> TASK BRIEF
Scan the entries below. List each line with "transform".

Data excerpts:
##########
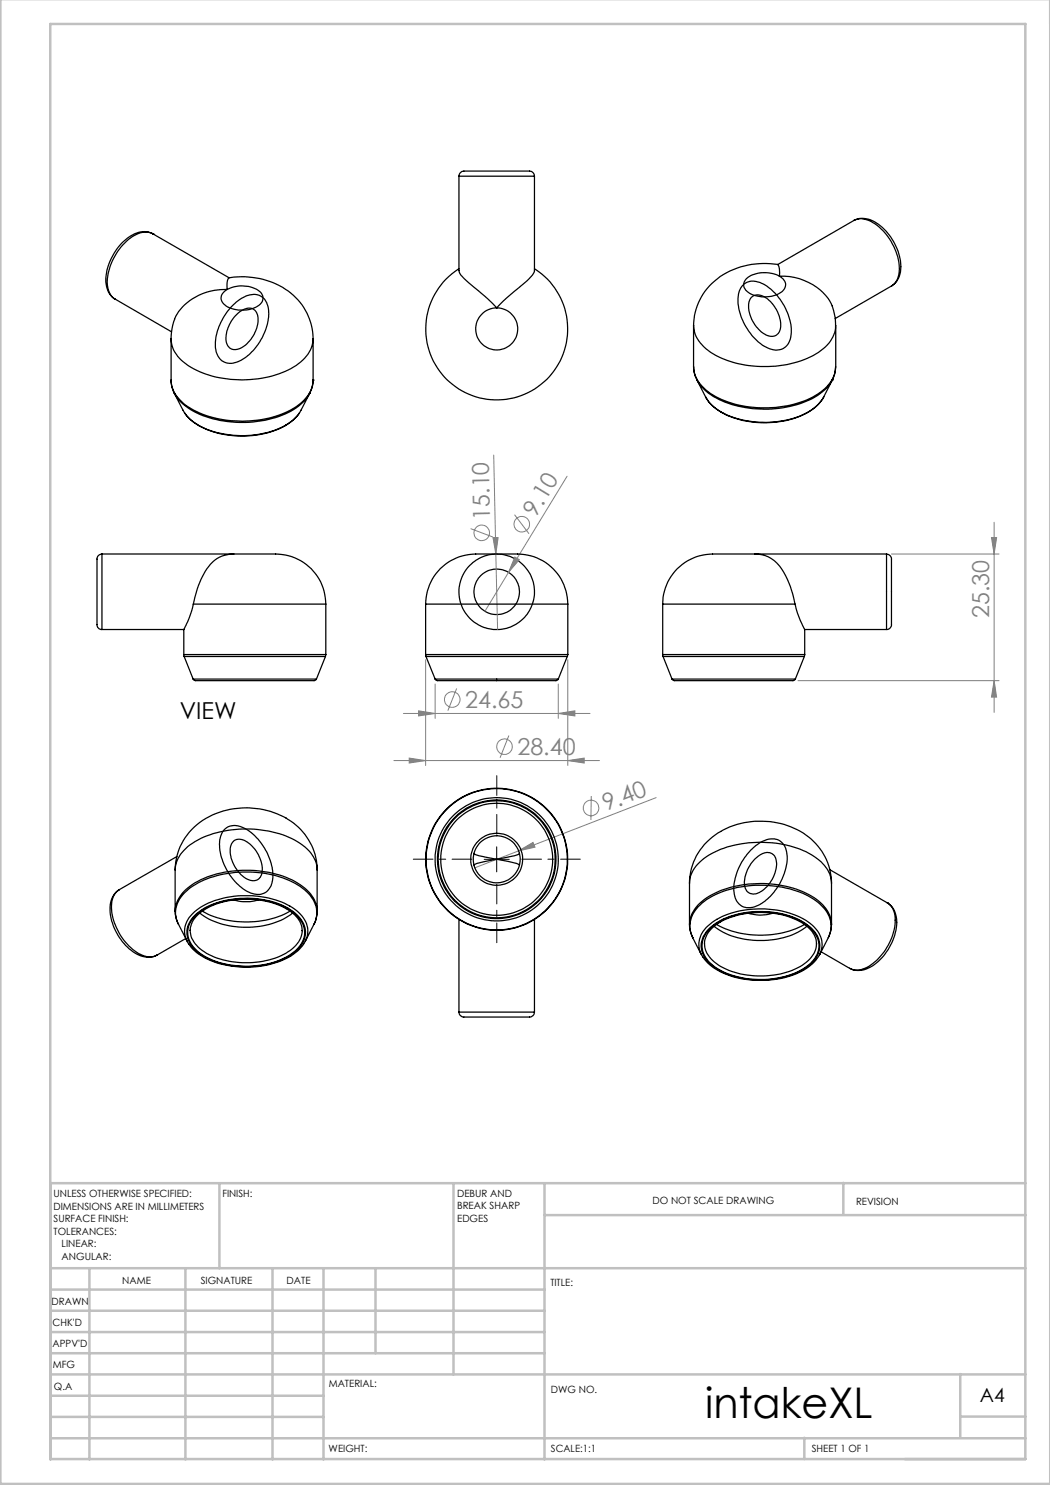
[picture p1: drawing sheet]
<svg xmlns="http://www.w3.org/2000/svg" width="210mm" height="297mm" viewBox="0 0 210 297" stroke-linecap="round" stroke-linejoin="round" font-family="sans-serif">
<g fill="none" stroke="#808080" stroke-width=".2">
<path d="M98.7 91l.5 19.8M113.4 95.2l-16.4 27.1M94.1 105.7l4.5 1.7M98.6 107.5h1l-.4 3.3zM99.2 110.8l.3 15.1M102.9 102.9l2.9 3.8M103 111.4l.9 .5-2.2 2.6zM178.3 110.8h21.5M198.3 107.5h1l-.5 3.3zM198.8 104.5v38M85.1 131.9v21.2M87 136.8v6.9"/>
<path d="M91.3 137.7l-1.7 4.4M111.7 136.8v6.9M113.6 131.9v21.2M159.6 136.1h40.2M198.8 136.1l.5 3.3h-1zM78.8 152.1h41.1M80.7 142.7h37.3M81.8 151.6l3.3 .5-3.3 .5zM83.7 142.2l3.3 .5-3.3 .5zM101.8 147.1l-1.8 4.4M111.7 142.7l3.3-.5v1zM113.6 152.1l3.2-.5v1z"/>
<path d="M118.3 159.2l-.1 4.8M131.2 159.5l-36.2 14.1M103.7 170.2l2.9-1.7 .4 .9z"/>
<circle cx="96.3" cy="106.6" r="1.56"/>
<circle cx="104.4" cy="104.8" r="1.56"/>
<circle cx="90.5" cy="139.9" r="1.55"/>
<circle cx="100.9" cy="149.3" r="1.56"/>
<circle cx="118.2" cy="161.6" r="1.56"/>
</g>
<g fill="none" stroke="#000" stroke-width=".25">
<path d="M148.4 57.2a3.2 3.2 0 0 1 4.2-.4 11.3 11.3 0 0 1 5.6 10.4 3 3 0 0 1-4.6 2.4 11.2 11.2 0 0 1-5.9-10.8l.3-.8zM150.2 59.5a2.28 2.28 0 0 1 3.2 .2 6.7 6.7 0 0 1 2.6 6.3 1.86 1.86 0 0 1-3.1 .8 6.5 6.5 0 0 1-3-6.6zM46.2 61.4a6.2 6.2 0 0 1 5.2-2.5 3.6 3.6 0 0 1 2.3 4.2 11.4 11.4 0 0 1-6.3 9.3 3.1 3.1 0 0 1-4.3-3 11.4 11.4 0 0 1 3.1-8zM47.4 62.9a2.72 2.72 0 0 1 3.5-.9 3.9 3.9 0 0 1 .1 4.5 5 5 0 0 1-4.3 3.4 2.25 2.25 0 0 1-1.5-2.9 7.5 7.5 0 0 1 2.2-4.1zM44.9 165.9a3.4 3.4 0 0 1 4.3-.1 11.3 11.3 0 0 1 5.3 10.3 3 3 0 0 1-4.7 2.4 11.3 11.3 0 0 1-5.8-10.5l.4-1.4zM46.5 168.4a2.2 2.2 0 0 1 3.2 .2 6.4 6.4 0 0 1 2.5 6.5 1.96 1.96 0 0 1-3 .6 6.7 6.7 0 0 1-3-6.6zM150.1 170a5.6 5.6 0 0 1 5.5-2 3.8 3.8 0 0 1 1.8 4 11.6 11.6 0 0 1-6.1 9.2 3 3 0 0 1-4.5-2.9 11.6 11.6 0 0 1 3.3-8.3zM150.8 171.9a3.2 3.2 0 0 1 3.5-1.2 2.67 2.67 0 0 1 .9 3.3 6.3 6.3 0 0 1-4.2 4.8 1.88 1.88 0 0 1-2.1-2.2 7.3 7.3 0 0 1 1.9-4.7z"/>
<circle cx="99.3" cy="118.4" r="4.6"/>
<circle cx="99.4" cy="118.4" r="7.6"/>
</g>
<path d="M94.4 171.8h-11.7M99.4 166.8v-11.7M99.4 176.8v11.7M104.4 171.8h11.7" fill="none" stroke="#000" stroke-width=".2" stroke-dasharray="15.2 1.3 1.3 1.3" stroke-dashoffset="11.3"/>
<path d="M96.8 171.9h5M99.3 169.4v5" fill="none" stroke="#000" stroke-width=".2"/>
<g fill="none" stroke="#c0c0c0" stroke-width=".5">
<path d="M.1 -.1v296.9h209.9v-296.9M10.1 4.8h195v287h-195zM43.9 236.6v17M90.7 236.6v38.3M108.9 236.6v55.3M168.7 236.6v6.3M205.1 236.6h-195v55.3M10.1 253.6h195M10.1 257.9h98.8M17.9 253.6v38.3M37.1 253.6v38.3M54.5 253.6v38.3"/>
<path d="M64.7 253.6v38.3M75.1 253.6v17M108.9 243h96.2M10.1 270.6h98.8M10.1 266.4h98.8M10.1 262.1h98.8M10.1 279.1h54.6M10.1 274.9h195M192.1 274.8v12.7M10.1 287.7h195M10.1 283.4h54.6M160.9 287.5v4.3"/>
<path d="M192.1 283.3h13"/>
</g>
<g fill="#808080">
<path d="M103.7 170.2l2.9-1.7 .4 .9z"/>
<path d="M103 111.4l.9 .5-2.2 2.6z"/>
<path d="M98.6 107.5h1l-.4 3.3z"/>
<path d="M111.7 142.7l3.3-.5v1zM83.7 142.2l3.3 .5-3.3 .5z"/>
<path d="M81.8 151.6l3.3 .5-3.3 .5zM113.6 152.1l3.2-.5v1z"/>
<path d="M198.8 136.1l.5 3.3h-1zM198.3 107.5h1l-.5 3.3z"/>
</g>
<g fill="none" stroke="#000" stroke-width=".25">
<path d="M91.8 35.2a1.42 1.42 0 0 1 1.9-1h9a11.4 11.4 0 0 1 3.7 .2l.4 .5 .1 .3M91.8 35.2v18.9a5.9 5.9 0 0 0 2.4 2.8l3.3 2.9 1.8 1.8M91.8 35.2h15.1M106.9 35.2v18.9a4.4 4.4 0 0 1-2 2.5l-3.4 2.9-2.2 2.1M23 59.8l11.3 6.6M30.6 46.8a4.8 4.8 0 0 0-5.6 1.2 10.9 10.9 0 0 0-3.8 8.9 3.8 3.8 0 0 0 1.8 2.9M30.6 46.8h.1M30.6 46.8a3.9 3.9 0 0 0-4.1 .5 11.7 11.7 0 0 0-5 9.7 3.3 3.3 0 0 0 1.5 2.8M30.6 46.8l15.2 8.8M44.9 58.3a6 6 0 0 1 7.3 .2 1.81 1.81 0 0 1-1 2.9 6.1 6.1 0 0 1-6.5-.6 1.59 1.59 0 0 1 .2-2.5zM45.4 57.9a11 11 0 0 0-10.4 5.7 11.3 11.3 0 0 0-.8 4.2M45.4 57.9a2.55 2.55 0 0 1 .4-2.3 15.2 15.2 0 0 1 14.6 5.4 11.9 11.9 0 0 1 2.2 6.8"/>
<path d="M91.8 53.8a14.2 14.2 0 0 0-3.2 21.2 14.2 14.2 0 0 0 21.5 0 14.2 14.2 0 0 0-3.2-21.2M149.2 55.9a6 6 0 0 1 7.4-.1 1.76 1.76 0 0 1-.8 2.9 6 6 0 0 1-6.7-.7 1.58 1.58 0 0 1 .1-2.1zM155.6 52.9a15.1 15.1 0 0 0-14.6 5.3 11.5 11.5 0 0 0-2.3 6.9M155.6 52.9a2.96 2.96 0 0 1 .3 2.3M155.9 55.2a11.4 11.4 0 0 1 10.3 5.5 11.5 11.5 0 0 1 .9 4.4M170.8 44.1a4.7 4.7 0 0 1 5.3 1.1 10.9 10.9 0 0 1 4 9.2 3.7 3.7 0 0 1-1.8 2.8M170.8 44.1a4.3 4.3 0 0 1 4.6 1 11.5 11.5 0 0 1 4.4 9.5 3.4 3.4 0 0 1-1.5 2.6l-11.3 6.5M170.8 44.1l-15.3 8.8M34.2 76l.2 1.3 .5 1.4M34.2 67.8a6.5 6.5 0 0 0 3.4 5.3 21.7 21.7 0 0 0 21.6 0 6.7 6.7 0 0 0 3.4-5.3M34.2 76a6.6 6.6 0 0 0 3.5 5.4 22 22 0 0 0 18.7 1.4 9.5 9.5 0 0 0 6-5.4l.2-1.4M34.2 67.8v8.2"/>
<path d="M34.9 78.7l1.7 3.3a10.3 10.3 0 0 0 7.4 4.6 18.3 18.3 0 0 0 14.1-2.2l1.8-1.8M34.9 78.7a12 12 0 0 0 7.7 5.1 22.2 22.2 0 0 0 16.1-1.9 7.9 7.9 0 0 0 3.2-3.3l-2 4M62.6 76l-.2 1.6-.5 1.1M62.6 76h.1M62.6 67.8v8.2M138.7 65.1a6.9 6.9 0 0 0 3.9 5.7 22 22 0 0 0 21.1-.3 6.8 6.8 0 0 0 3.4-5.4v8.3a7 7 0 0 1-4 5.7 22 22 0 0 1-21-.4 6.7 6.7 0 0 1-3.4-5.3zM138.7 73.4l.2 1.3 .5 1.3M139.4 76a10.3 10.3 0 0 0 6.2 4.6 22 22 0 0 0 18-1.5 8.5 8.5 0 0 0 2.9-3.1M139.4 76l1.7 3.4M164.7 79.4a10.4 10.4 0 0 1-7 4.6 18.7 18.7 0 0 1-14-1.9 7 7 0 0 1-2.6-2.7M164.7 79.4a10.6 10.6 0 0 1-7.3 4.6 18.8 18.8 0 0 1-14.1-2.2l-1.2-1.1-1-1.3M166.5 76h.1"/>
<path d="M166.5 76l-1.8 3.4M167.1 73.4l-.1 1.1-.5 1.5M36.9 82.6a11.4 11.4 0 0 0 7.4 4.2 18 18 0 0 0 13.9-2.4l1.1-1 .6-.8M20.4 110.8a1.33 1.33 0 0 0-1 1.8v12.1a1.01 1.01 0 0 0 1 1.2M20.4 110.8v15.1M20.4 110.8h26.3M46.7 110.8h5.6a18.1 18.1 0 0 1 6.7 .8 10 10 0 0 1 6.2 9.2M46.7 110.8a6.5 6.5 0 0 0-6 4 20.2 20.2 0 0 0-2 6M151 110.8h-6a16.5 16.5 0 0 0-6.3 .8 10 10 0 0 0-6.2 9.2M151 110.8a6.7 6.7 0 0 1 6.2 4.4l.9 2.1 .9 3.5M151 110.8h26.3M177.3 110.8a1.25 1.25 0 0 1 1 1.7v12.1a1.04 1.04 0 0 1-1 1.3"/>
<path d="M177.3 110.8v15.1M20.4 125.9h16.4M36.8 130.9v.4M36.8 130.9h28.4M36.8 125.9v5M36.8 131.3h28.3M36.8 131.3l1.8 4.5M38.6 135.8l.5 .3h23.7l.5-.3M38.6 135.8h24.7M38.7 120.8l-.9 2.8-1 2.3M38.7 120.8h26.5M65.1 131.3l-1.8 4.5"/>
<path d="M65.2 130.9l-.1 .4M65.2 120.8v10.1M85.1 120.8a10.3 10.3 0 0 1 11.7-10h4a17.7 17.7 0 0 1 6.6 .8 10 10 0 0 1 6.2 9.2M85.1 130.9l.1 .4M85.1 120.8h28.5M85.1 130.9h28.5M85.1 120.8v10.1M85.2 131.3h28.3M85.2 131.3l1.8 4.5M87 135.8l.5 .3h23.7l.5-.3M87 135.8h24.7M113.5 131.3l-1.8 4.5"/>
<path d="M113.6 130.9l-.1 .4M113.6 120.8v10.1M132.5 130.9l.1 .4M132.5 120.8h26.5M132.5 130.9h28.4M132.5 120.8v10.1M132.6 131.3h28.3M132.6 131.3l1.8 4.5M134.4 135.8l.5 .3h23.7l.5-.3M134.4 135.8h24.7M159 120.8l.5 1.8 1.4 3.3M160.9 131.3l-1.8 4.5"/>
<path d="M160.9 130.9v.4M160.9 125.9v5M160.9 125.9h16.4M23.8 177.9a4.7 4.7 0 0 0-1.8 4.8 11 11 0 0 0 6.2 8.5 4 4 0 0 0 3.2-.2M23.8 177.9a4 4 0 0 0-1.5 4.2 11.5 11.5 0 0 0 6.2 9 3.3 3.3 0 0 0 2.9-.1M35 174v8.5l.3 1.3 .4 1.1M35 174a12.6 12.6 0 0 1 10.4-12 15.4 15.4 0 0 1 15.6 4.9 11.8 11.8 0 0 1 2.4 7.1M35 174a7 7 0 0 1 4-5.7 22 22 0 0 1 20.5 .1 7 7 0 0 1 3.9 5.6M35.4 171.3l-11.6 6.6M46.8 180a8.7 8.7 0 0 0 4.9 0M63.4 174v8.2M94.8 170.7a8.1 8.1 0 0 0 3.7 1l.8 .2"/>
<path d="M99.3 171.9l-3.9 .8-.6 .3M99.3 171.9l.9 .1a9.7 9.7 0 0 1 3.7 1M103.9 170.7l-.3 .2-.8 .3-3.5 .7M137.9 176.7a12.6 12.6 0 0 1 10.2-12 15.3 15.3 0 0 1 15.9 5 11.5 11.5 0 0 1 2.3 7M137.9 176.7a6.5 6.5 0 0 1 3.4-5.4 21.6 21.6 0 0 1 15.3-2.4 13.8 13.8 0 0 1 8.6 4.7 5.3 5.3 0 0 1 1.1 3.1M137.9 176.7v8.2M166 174l11.5 6.6M166.3 176.7v8.2a6.7 6.7 0 0 0-3.5-5.4 21.8 21.8 0 0 0-21-.2 7 7 0 0 0-3.9 5.6M35 182.2a7 7 0 0 1 4.1-5.7 22.2 22.2 0 0 1 19.9-.2 7.5 7.5 0 0 1 4.4 5.4v.5M35.7 184.9a5.2 5.2 0 0 1 1.6-6.6 17.4 17.4 0 0 1 11.3-3.9 18.4 18.4 0 0 1 12.7 3.9 5.3 5.3 0 0 1 1.5 6.6l-1.7 3.3M35.7 184.9l1.7 3.3M37.1 187.7l-5.7 3.3"/>
<path d="M38.7 183.3a14.9 14.9 0 0 1 10.8-3.7 14.5 14.5 0 0 1 10.2 3.7 4.5 4.5 0 0 1-.4 6.8 15.7 15.7 0 0 1-11.4 3.2 13.5 13.5 0 0 1-9.3-3.8 4.4 4.4 0 0 1 .1-6.2zM39.1 183.2a14.5 14.5 0 0 1 10.3-3.5 14.3 14.3 0 0 1 10.2 3.6 4.5 4.5 0 0 1-.5 6.9 16.5 16.5 0 0 1-12.8 2.8 11.6 11.6 0 0 1-8-4.1 4.2 4.2 0 0 1 .8-5.7zM39.7 182.9a15.3 15.3 0 0 1 11.4-3 12.3 12.3 0 0 1 8.4 3.8 4.1 4.1 0 0 1-.7 5.7 15 15 0 0 1-10.9 3.1 12.5 12.5 0 0 1-8.9-3.8 4 4 0 0 1 .7-5.8zM40 182.6a15.6 15.6 0 0 0 11.9 2.7 13.8 13.8 0 0 0 6.6-2.7M40.5 182.2a19 19 0 0 0 17.5 0M60.4 186.1h.1M60.8 188.7a4.6 4.6 0 0 0-1.1-6.2 17 17 0 0 0-12.1-3.3 14.3 14.3 0 0 0-9.4 3.9 4.7 4.7 0 0 0 .7 7 16.2 16.2 0 0 0 11.6 3.3 14.1 14.1 0 0 0 9.7-3.9l.5-.7M63.4 182.2l-.3 1.9-.3 .8M91.8 183.9v18.5M106.9 183.9v18.5M137.9 184.9l.1 1.2 .6 1.4M138.5 187.5a5.5 5.5 0 0 1 1.9-6.9 19.7 19.7 0 0 1 13.9-3.4 16.2 16.2 0 0 1 10.2 4.1 5.2 5.2 0 0 1 1.2 6.2l-1.8 3.4"/>
<path d="M138.5 187.5l1.8 3.4M138.5 187.5h.1M141.6 185.9a14.7 14.7 0 0 1 10.9-3.6 14.2 14.2 0 0 1 10.1 3.7 4.5 4.5 0 0 1-.6 6.9 16.7 16.7 0 0 1-12.7 2.9 11.7 11.7 0 0 1-8.4-4.4 4.4 4.4 0 0 1 .7-5.5zM142.1 185.6a15.8 15.8 0 0 1 11.2-3.2 13.1 13.1 0 0 1 9.6 4.1 4.5 4.5 0 0 1-1.2 6.5 17 17 0 0 1-12.9 2.6 11.3 11.3 0 0 1-7.7-4.2 4.4 4.4 0 0 1 1-5.8zM142.2 185.8a13.7 13.7 0 0 1 9.6-3.3 14.5 14.5 0 0 1 10.1 3.2 4.1 4.1 0 0 1-.2 6.4 15 15 0 0 1-11 3.1 12.5 12.5 0 0 1-8.8-3.8 3.9 3.9 0 0 1 .3-5.6zM142.8 185.2a16.2 16.2 0 0 0 13.3 2.5 12.5 12.5 0 0 0 5.3-2.4M143.3 184.9a19 19 0 0 0 17.6 0M149.6 182.6a8.4 8.4 0 0 0 5 .1M163.3 188.7v.1M163.9 190.9a10.5 10.5 0 0 1-7 4.6 19 19 0 0 1-14.2-1.9l-1.2-1-.9-1.1M163.9 190.9a4.9 4.9 0 0 0-1.8-6.2 18.1 18.1 0 0 0-14.6-2.4 10.6 10.6 0 0 0-7.3 4.7 4.4 4.4 0 0 0 .4 4.4M164.2 190.4l5.7 3.3"/>
<path d="M166.3 184.9l-.1 .9-.5 1.7M177.5 180.6a4.6 4.6 0 0 1 1.7 5.1 10.7 10.7 0 0 1-6.3 8.2 3.9 3.9 0 0 1-3-.2M177.5 180.6h.1M177.5 180.6a4.2 4.2 0 0 1 1.5 4.4 11.6 11.6 0 0 1-6 8.6 3.4 3.4 0 0 1-3.1 .1M91.8 202.4a1.19 1.19 0 0 0 1.6 1h12.3a1.01 1.01 0 0 0 1.2-1M91.8 202.4h15.1"/>
<circle cx="99.3" cy="65.8" r="4.2"/>
<circle cx="99.3" cy="171.9" r="12.3"/>
<circle cx="99.3" cy="171.9" r="11.2"/>
<circle cx="99.3" cy="171.9" r="11.7"/>
<circle cx="99.3" cy="171.8" r="4.7"/>
<circle cx="99.3" cy="171.8" r="14.1"/>
<circle cx="99.3" cy="171.8" r="14.2"/>
<circle cx="99.3" cy="171.8" r="11.9"/>
<circle cx="99.4" cy="171.9" r="5.2"/>
</g>
<text font-size="8.5" x="141" y="283.5">intakeXL</text>
<g font-size="4.7" fill="#808080">
<text x="98" y="104" transform="rotate(-91 98 104)">15.10</text>
<text x="107.2" y="103.5" transform="rotate(-59 107.2 103.5)">9.10</text>
<text x="197.8" y="123.6" transform="rotate(-90 197.8 123.6)">25.30</text>
<text x="93" y="141.6">24.65</text>
<text x="103.5" y="151">28.40</text>
<text x="121.2" y="162.3" transform="rotate(-21 121.2 162.3)">9.40</text>
</g>
<text font-size="4.7" x="36" y="143.9">VIEW</text>
<text font-size="3.9" x="196" y="280.4">A4</text>
<g font-size="2">
<text x="10.7" y="239.5">UNLESS OTHERWISE SPECIFIED:</text>
<text x="44.5" y="239.5">FINISH:</text>
<text x="91.4" y="239.4">DEBUR AND</text>
<text x="10.7" y="242">DIMENSIONS ARE IN MILLIMETERS</text>
<text x="10.7" y="244.5">SURFACE FINISH:</text>
<text x="91.4" y="241.9">BREAK SHARP</text>
<text x="91.4" y="244.4">EDGES</text>
<text x="130.5" y="240.8">DO NOT SCALE DRAWING</text>
<text x="171.2" y="241">REVISION</text>
<text x="10.7" y="247">TOLERANCES:</text>
<text x="12.3" y="249.5">LINEAR:</text>
<text x="12.3" y="252">ANGULAR:</text>
<text x="24.4" y="256.9">NAME</text>
<text x="40.1" y="256.8">SIGNATURE</text>
<text x="57.3" y="256.8">DATE</text>
<text x="110.1" y="257.1">TITLE:</text>
<text x="10.3" y="260.9">DRAWN</text>
<text x="10.5" y="269.3">APPV'D</text>
<text x="10.5" y="265.2">CHK'D</text>
<text x="10.6" y="273.6">MFG</text>
<text x="10.8" y="278">Q.A</text>
<text x="65.8" y="277.4">MATERIAL:</text>
<text x="110.2" y="278.5">DWG NO.</text>
<text x="65.7" y="290.4">WEIGHT:</text>
<text x="110.2" y="290.5">SCALE:1:1</text>
<text x="162.4" y="290.4">SHEET 1 OF 1</text>
</g>
</svg>
##########
> COMPLETED TASK
<text x="98" y="104" transform="rotate(-91 98 104)">15.10</text>
<text x="107.2" y="103.5" transform="rotate(-59 107.2 103.5)">9.10</text>
<text x="197.8" y="123.6" transform="rotate(-90 197.8 123.6)">25.30</text>
<text x="121.2" y="162.3" transform="rotate(-21 121.2 162.3)">9.40</text>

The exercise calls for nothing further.